_To do_.
From the material below, copy every line in which the word "Author" occurs.

_Extracted data_.
********************

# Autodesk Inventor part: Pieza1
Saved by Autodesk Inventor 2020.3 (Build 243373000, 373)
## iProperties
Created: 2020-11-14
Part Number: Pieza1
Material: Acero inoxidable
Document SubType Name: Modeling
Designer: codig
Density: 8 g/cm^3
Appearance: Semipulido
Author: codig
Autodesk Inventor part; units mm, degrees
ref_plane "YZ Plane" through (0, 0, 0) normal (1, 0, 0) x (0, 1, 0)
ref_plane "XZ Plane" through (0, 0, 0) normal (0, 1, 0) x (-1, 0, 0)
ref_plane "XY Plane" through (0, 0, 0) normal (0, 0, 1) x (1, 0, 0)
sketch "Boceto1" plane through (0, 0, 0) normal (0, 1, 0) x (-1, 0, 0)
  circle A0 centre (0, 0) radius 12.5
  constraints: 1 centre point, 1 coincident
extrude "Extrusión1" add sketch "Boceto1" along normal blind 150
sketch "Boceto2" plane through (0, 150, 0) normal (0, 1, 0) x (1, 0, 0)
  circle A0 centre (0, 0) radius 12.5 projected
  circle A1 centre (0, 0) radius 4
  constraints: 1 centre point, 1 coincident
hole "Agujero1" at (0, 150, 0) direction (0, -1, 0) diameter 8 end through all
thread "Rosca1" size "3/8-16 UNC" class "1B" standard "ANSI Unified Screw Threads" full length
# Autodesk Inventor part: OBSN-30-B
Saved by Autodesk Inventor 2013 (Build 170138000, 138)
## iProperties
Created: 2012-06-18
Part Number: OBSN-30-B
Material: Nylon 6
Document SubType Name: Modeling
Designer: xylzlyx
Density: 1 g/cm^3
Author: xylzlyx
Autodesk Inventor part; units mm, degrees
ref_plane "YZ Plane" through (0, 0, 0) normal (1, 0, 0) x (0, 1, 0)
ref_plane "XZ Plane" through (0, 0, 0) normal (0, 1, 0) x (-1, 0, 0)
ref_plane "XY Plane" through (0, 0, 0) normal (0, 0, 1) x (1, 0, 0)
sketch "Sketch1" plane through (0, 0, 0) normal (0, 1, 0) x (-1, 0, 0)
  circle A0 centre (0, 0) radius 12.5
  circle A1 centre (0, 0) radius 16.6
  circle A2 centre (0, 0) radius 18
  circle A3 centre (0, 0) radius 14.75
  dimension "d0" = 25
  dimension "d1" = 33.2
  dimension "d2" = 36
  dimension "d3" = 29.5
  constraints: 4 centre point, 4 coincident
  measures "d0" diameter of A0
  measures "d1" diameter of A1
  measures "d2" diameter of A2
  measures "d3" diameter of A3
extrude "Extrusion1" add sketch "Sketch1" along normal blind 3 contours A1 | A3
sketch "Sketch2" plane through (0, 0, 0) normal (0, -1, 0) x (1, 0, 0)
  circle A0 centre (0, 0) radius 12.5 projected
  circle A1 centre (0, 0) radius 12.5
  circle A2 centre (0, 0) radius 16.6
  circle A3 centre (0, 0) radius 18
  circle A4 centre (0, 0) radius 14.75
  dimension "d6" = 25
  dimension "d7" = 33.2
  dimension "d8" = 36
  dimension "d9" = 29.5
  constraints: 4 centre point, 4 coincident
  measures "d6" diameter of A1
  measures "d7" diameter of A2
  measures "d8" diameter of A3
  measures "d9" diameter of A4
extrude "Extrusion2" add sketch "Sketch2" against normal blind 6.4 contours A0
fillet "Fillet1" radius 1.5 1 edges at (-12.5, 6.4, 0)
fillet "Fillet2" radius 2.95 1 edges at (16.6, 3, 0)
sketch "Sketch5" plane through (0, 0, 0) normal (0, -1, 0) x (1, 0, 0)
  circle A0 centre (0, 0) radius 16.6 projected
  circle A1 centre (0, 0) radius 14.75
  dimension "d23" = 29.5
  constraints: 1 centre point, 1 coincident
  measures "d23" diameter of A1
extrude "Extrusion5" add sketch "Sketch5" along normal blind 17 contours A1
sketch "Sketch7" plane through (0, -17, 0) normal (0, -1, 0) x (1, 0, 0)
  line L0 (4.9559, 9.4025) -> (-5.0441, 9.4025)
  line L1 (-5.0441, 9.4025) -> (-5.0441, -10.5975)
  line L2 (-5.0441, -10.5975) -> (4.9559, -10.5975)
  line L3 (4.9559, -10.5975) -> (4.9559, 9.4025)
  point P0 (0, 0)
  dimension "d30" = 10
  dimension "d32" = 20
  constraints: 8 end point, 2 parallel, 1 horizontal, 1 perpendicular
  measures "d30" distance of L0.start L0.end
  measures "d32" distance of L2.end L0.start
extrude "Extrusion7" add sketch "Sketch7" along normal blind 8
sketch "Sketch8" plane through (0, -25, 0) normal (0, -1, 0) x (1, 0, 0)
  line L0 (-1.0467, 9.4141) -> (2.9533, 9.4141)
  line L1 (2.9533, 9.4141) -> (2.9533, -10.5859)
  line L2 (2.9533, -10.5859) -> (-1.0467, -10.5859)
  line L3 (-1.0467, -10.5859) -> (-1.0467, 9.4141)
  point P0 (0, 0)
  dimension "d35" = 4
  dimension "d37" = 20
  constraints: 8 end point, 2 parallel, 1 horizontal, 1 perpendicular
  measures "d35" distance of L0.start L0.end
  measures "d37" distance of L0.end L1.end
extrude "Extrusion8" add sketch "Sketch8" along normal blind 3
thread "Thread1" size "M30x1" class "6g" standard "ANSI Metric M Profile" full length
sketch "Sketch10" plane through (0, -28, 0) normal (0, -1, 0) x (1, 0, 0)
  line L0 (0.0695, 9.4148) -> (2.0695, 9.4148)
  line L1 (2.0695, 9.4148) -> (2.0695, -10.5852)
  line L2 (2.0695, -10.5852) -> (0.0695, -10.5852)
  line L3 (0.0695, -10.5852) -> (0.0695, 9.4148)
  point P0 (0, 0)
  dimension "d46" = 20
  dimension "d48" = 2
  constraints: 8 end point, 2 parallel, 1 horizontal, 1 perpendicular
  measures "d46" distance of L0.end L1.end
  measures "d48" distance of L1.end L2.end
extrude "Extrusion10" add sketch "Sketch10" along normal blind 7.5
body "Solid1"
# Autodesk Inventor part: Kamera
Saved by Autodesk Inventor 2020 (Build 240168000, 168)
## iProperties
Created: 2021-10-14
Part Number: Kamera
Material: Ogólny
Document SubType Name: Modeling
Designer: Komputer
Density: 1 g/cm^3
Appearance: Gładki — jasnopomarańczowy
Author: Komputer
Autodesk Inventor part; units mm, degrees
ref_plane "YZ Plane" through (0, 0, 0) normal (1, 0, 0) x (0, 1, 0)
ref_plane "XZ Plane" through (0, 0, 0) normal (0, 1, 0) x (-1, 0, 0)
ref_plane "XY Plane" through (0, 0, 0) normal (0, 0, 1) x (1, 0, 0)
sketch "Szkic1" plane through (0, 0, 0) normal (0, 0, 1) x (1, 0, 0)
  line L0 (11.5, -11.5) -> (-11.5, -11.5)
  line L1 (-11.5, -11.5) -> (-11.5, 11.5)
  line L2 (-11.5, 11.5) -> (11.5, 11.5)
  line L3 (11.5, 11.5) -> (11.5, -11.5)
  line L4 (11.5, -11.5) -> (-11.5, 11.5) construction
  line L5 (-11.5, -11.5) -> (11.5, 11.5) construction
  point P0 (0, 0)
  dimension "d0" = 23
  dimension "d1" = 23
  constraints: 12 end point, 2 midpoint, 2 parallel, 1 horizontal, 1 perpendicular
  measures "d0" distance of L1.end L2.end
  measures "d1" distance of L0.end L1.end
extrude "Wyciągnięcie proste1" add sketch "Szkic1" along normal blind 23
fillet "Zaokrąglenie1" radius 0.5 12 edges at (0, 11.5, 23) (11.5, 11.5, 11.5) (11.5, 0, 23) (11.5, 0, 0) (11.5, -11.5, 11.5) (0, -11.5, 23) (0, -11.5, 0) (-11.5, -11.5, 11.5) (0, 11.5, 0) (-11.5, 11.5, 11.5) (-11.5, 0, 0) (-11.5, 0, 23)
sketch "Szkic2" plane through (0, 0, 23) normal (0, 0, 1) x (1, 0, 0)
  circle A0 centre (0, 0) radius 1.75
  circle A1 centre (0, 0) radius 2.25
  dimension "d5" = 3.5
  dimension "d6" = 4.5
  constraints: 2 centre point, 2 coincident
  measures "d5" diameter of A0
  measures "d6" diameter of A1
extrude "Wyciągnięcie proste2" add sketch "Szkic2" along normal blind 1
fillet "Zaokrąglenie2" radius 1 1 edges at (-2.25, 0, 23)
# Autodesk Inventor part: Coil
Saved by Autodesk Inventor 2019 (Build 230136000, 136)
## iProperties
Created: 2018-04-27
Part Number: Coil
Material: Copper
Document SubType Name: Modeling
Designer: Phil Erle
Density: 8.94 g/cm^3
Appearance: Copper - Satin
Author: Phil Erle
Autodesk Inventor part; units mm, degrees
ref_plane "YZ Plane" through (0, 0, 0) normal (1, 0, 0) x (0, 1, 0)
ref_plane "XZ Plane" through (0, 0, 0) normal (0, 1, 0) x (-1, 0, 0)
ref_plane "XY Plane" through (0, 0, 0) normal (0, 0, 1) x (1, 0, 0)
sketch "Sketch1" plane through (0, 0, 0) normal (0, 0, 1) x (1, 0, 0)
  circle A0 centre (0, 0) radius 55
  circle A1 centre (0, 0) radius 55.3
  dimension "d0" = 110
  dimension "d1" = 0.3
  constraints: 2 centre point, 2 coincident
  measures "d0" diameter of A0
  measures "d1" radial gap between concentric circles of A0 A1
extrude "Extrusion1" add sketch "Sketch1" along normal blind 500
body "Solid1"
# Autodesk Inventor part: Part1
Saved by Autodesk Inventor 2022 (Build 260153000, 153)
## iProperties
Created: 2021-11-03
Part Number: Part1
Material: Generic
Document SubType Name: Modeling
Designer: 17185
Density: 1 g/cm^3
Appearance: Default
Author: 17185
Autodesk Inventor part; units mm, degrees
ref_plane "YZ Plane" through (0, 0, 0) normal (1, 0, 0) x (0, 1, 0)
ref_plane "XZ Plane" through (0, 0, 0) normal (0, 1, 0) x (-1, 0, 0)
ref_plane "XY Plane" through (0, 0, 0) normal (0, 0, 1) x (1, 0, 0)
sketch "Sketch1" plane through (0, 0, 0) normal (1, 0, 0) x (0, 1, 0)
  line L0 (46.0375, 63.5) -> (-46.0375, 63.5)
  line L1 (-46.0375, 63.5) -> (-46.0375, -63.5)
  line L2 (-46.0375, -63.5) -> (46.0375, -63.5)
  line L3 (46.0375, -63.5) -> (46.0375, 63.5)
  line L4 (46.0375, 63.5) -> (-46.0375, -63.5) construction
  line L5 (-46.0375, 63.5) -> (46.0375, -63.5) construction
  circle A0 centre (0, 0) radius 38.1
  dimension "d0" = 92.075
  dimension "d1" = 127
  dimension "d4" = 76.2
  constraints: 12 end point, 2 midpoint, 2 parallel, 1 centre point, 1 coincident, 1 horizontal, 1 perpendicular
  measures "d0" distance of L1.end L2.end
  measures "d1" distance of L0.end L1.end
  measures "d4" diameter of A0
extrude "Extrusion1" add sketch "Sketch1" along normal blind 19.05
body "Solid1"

********************

_Written answer_.
Author: codig
Author: xylzlyx
Author: Komputer
Author: Phil Erle
Author: 17185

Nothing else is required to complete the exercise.